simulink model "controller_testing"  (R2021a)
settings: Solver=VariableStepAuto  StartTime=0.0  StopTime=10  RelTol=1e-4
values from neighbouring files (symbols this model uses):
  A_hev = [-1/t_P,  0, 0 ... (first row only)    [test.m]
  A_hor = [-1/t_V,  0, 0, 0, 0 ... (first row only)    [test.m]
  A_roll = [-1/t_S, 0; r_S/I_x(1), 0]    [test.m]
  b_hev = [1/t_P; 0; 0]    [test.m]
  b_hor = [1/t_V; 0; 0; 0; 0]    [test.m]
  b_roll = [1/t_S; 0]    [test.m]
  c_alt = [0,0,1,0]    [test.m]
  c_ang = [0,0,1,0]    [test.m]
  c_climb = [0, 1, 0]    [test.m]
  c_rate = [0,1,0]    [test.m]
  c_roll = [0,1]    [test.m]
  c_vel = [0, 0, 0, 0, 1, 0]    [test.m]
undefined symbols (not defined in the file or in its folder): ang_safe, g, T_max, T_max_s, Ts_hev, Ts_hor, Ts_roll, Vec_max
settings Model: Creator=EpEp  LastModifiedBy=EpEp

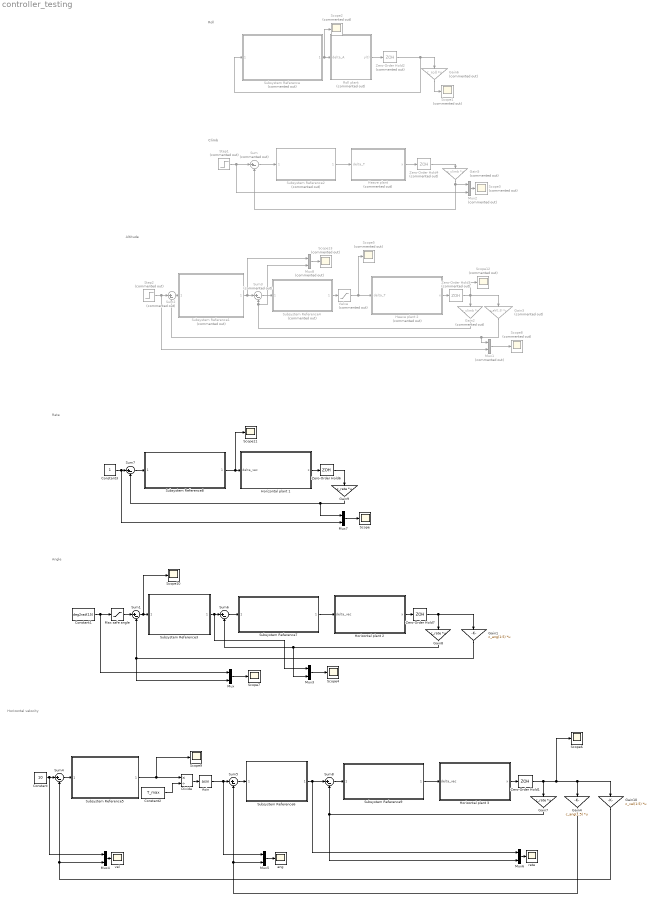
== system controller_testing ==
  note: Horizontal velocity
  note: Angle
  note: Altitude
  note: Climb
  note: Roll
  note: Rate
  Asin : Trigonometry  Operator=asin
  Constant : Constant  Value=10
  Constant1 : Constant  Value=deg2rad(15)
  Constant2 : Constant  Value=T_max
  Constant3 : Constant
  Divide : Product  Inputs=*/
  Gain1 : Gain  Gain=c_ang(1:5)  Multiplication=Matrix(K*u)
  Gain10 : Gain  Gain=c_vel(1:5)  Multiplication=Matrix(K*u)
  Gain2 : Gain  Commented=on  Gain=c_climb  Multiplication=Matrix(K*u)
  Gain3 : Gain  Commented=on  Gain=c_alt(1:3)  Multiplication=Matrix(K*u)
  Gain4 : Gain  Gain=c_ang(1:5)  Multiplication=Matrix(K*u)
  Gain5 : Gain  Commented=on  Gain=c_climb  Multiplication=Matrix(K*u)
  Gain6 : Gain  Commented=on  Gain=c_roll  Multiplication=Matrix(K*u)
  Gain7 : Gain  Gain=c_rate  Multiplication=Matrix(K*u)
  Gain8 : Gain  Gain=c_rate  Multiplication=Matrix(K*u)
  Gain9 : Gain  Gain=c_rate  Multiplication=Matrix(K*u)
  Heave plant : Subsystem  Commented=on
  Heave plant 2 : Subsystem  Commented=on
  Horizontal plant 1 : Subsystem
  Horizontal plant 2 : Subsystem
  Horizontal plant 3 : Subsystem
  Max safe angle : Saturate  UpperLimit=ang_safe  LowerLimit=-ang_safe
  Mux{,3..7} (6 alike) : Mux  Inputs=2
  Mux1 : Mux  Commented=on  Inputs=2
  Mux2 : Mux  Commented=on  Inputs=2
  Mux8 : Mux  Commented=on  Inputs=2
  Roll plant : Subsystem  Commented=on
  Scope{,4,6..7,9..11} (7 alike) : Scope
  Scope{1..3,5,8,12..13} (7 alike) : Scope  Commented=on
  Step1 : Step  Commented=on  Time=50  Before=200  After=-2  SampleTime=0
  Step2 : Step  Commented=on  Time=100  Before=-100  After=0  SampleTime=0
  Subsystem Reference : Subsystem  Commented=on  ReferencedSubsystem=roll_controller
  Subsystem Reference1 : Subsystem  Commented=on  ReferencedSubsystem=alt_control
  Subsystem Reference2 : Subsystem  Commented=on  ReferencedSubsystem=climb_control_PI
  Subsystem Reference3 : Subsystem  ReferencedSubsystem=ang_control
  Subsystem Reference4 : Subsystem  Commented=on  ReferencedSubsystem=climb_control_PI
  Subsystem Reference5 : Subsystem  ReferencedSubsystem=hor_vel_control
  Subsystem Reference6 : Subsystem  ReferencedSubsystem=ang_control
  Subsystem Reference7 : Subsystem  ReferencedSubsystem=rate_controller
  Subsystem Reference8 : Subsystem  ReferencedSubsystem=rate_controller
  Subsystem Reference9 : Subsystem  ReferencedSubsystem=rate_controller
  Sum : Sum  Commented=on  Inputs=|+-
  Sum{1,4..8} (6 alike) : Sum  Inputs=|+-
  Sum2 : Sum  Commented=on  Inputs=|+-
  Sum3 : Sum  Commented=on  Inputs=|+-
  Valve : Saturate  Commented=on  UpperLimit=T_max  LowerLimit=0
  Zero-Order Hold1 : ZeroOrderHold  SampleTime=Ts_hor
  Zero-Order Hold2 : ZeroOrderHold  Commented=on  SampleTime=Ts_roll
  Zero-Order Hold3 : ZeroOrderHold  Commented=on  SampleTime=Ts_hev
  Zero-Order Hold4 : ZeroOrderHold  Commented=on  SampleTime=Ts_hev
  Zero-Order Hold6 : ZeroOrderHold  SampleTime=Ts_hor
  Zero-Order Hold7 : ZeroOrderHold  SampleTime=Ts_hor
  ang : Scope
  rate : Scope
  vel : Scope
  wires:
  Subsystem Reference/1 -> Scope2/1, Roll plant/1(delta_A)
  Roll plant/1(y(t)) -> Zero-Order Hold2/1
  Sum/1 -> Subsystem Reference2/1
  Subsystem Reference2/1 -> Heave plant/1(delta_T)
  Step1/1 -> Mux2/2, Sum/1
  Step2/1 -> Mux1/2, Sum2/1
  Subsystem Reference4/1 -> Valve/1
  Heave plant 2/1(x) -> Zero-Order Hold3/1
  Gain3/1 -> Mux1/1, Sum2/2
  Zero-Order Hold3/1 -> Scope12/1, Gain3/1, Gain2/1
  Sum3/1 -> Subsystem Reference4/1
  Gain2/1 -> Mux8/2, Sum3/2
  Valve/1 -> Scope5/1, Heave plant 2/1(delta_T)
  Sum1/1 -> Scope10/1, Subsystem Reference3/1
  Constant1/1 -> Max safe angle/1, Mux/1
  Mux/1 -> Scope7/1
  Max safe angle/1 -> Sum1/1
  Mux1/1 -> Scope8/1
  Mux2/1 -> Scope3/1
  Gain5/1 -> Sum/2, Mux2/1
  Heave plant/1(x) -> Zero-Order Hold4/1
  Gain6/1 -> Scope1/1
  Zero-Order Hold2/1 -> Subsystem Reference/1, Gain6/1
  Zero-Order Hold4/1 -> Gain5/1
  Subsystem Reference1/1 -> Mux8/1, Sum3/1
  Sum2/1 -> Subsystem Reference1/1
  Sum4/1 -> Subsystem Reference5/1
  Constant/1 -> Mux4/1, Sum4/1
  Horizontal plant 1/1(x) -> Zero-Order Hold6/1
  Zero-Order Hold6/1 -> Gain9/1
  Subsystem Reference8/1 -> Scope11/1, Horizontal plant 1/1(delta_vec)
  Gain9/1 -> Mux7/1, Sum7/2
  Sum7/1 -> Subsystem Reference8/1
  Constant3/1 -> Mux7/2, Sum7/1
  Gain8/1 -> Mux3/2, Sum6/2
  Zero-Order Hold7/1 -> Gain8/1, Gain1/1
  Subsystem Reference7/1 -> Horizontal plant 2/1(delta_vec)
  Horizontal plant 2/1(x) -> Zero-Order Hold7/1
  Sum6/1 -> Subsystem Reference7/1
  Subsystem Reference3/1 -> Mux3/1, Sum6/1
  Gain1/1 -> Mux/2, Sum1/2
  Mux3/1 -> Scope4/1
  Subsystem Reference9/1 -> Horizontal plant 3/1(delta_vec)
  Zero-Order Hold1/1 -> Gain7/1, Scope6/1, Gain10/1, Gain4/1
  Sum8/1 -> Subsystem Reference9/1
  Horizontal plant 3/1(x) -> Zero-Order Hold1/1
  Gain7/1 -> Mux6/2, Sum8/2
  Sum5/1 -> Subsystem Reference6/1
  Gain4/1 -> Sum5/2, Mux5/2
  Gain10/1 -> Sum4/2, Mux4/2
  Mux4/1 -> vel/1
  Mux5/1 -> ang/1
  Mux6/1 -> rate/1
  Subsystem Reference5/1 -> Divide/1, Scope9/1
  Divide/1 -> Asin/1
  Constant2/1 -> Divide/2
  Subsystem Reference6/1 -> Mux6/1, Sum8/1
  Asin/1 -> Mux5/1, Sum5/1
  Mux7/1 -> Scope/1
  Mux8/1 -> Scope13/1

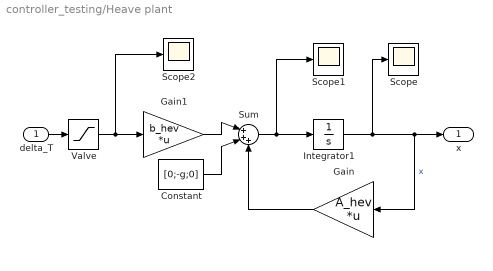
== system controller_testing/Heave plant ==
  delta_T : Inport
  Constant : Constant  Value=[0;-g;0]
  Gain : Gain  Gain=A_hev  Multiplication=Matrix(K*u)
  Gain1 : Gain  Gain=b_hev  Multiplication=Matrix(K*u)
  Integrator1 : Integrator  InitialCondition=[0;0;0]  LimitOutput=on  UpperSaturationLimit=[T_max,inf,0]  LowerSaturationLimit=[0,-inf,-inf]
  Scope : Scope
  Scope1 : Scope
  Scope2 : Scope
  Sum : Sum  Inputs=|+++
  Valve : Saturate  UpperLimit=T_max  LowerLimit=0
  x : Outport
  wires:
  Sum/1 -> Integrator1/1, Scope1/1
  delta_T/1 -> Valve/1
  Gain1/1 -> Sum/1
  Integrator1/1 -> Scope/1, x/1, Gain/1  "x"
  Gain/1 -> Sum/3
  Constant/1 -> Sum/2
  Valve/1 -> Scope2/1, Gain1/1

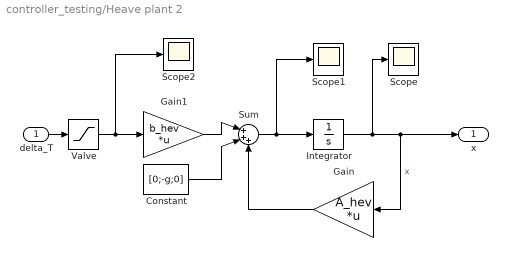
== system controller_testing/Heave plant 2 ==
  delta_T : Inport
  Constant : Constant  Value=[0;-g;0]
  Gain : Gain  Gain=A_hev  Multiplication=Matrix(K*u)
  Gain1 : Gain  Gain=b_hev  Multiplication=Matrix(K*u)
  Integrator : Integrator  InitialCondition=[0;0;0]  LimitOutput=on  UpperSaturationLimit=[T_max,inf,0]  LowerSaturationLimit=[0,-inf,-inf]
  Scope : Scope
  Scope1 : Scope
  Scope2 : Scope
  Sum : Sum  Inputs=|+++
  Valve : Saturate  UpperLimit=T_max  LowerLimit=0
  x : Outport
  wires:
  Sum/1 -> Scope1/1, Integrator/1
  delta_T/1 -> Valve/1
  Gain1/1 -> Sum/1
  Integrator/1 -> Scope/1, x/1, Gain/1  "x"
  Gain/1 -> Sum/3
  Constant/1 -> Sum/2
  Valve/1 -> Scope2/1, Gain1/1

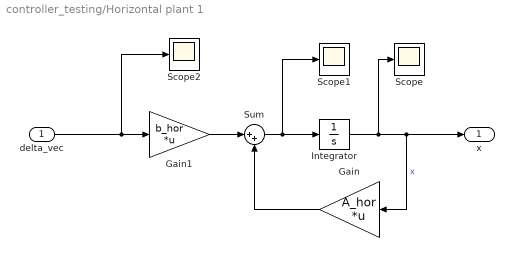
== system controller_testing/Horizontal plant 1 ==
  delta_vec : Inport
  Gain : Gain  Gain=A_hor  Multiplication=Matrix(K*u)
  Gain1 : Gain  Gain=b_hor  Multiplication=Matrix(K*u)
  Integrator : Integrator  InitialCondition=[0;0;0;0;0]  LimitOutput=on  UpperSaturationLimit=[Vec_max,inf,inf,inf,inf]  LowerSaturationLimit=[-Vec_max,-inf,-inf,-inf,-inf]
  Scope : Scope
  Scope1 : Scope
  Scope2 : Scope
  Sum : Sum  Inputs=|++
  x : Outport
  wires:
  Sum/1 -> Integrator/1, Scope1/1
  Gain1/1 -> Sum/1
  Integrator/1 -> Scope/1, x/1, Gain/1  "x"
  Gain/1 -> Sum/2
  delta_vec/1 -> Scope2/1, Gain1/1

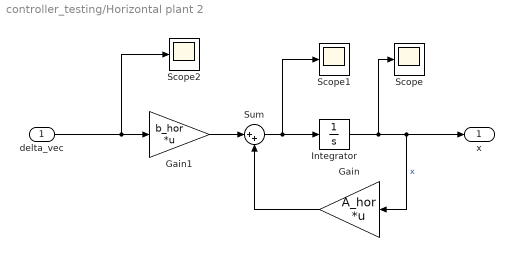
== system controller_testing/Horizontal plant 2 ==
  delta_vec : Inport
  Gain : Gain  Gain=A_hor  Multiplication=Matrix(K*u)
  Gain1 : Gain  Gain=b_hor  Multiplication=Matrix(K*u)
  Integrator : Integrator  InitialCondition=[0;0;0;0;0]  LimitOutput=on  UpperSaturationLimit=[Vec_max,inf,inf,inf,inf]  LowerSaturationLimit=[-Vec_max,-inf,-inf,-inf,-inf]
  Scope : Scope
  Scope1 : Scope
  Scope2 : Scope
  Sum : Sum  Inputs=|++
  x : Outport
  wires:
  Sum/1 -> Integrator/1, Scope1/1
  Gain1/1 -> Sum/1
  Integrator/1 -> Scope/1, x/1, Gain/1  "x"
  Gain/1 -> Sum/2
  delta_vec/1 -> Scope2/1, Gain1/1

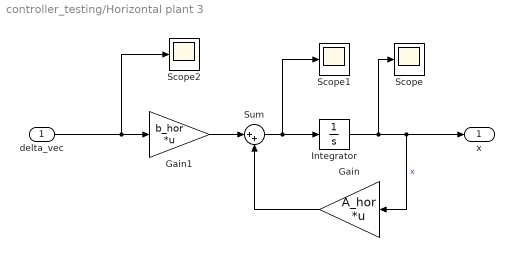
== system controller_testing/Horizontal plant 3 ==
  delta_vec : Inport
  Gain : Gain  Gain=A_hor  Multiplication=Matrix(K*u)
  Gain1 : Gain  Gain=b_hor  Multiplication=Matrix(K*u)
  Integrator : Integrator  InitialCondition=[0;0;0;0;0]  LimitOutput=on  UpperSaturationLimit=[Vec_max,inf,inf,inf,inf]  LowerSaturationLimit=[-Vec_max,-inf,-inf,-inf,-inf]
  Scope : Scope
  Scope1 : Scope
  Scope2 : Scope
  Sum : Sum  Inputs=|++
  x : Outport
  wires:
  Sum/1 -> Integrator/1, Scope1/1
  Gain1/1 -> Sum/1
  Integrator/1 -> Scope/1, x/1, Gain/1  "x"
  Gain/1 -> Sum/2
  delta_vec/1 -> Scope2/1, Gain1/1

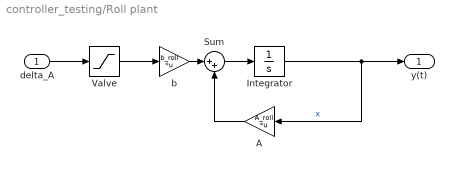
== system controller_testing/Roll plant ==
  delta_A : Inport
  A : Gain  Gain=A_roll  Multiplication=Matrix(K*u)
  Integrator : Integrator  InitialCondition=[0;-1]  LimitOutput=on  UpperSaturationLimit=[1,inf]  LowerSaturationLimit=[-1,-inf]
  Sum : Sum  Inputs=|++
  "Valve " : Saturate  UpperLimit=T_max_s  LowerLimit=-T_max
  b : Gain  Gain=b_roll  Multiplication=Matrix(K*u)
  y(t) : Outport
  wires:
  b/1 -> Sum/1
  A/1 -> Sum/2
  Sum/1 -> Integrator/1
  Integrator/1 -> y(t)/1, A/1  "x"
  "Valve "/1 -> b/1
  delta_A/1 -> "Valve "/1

**Work task:** List each line in the listing that contains the string "ZeroOrderHold".

**Reply:**
  Zero-Order Hold1 : ZeroOrderHold  SampleTime=Ts_hor
  Zero-Order Hold2 : ZeroOrderHold  Commented=on  SampleTime=Ts_roll
  Zero-Order Hold3 : ZeroOrderHold  Commented=on  SampleTime=Ts_hev
  Zero-Order Hold4 : ZeroOrderHold  Commented=on  SampleTime=Ts_hev
  Zero-Order Hold6 : ZeroOrderHold  SampleTime=Ts_hor
  Zero-Order Hold7 : ZeroOrderHold  SampleTime=Ts_hor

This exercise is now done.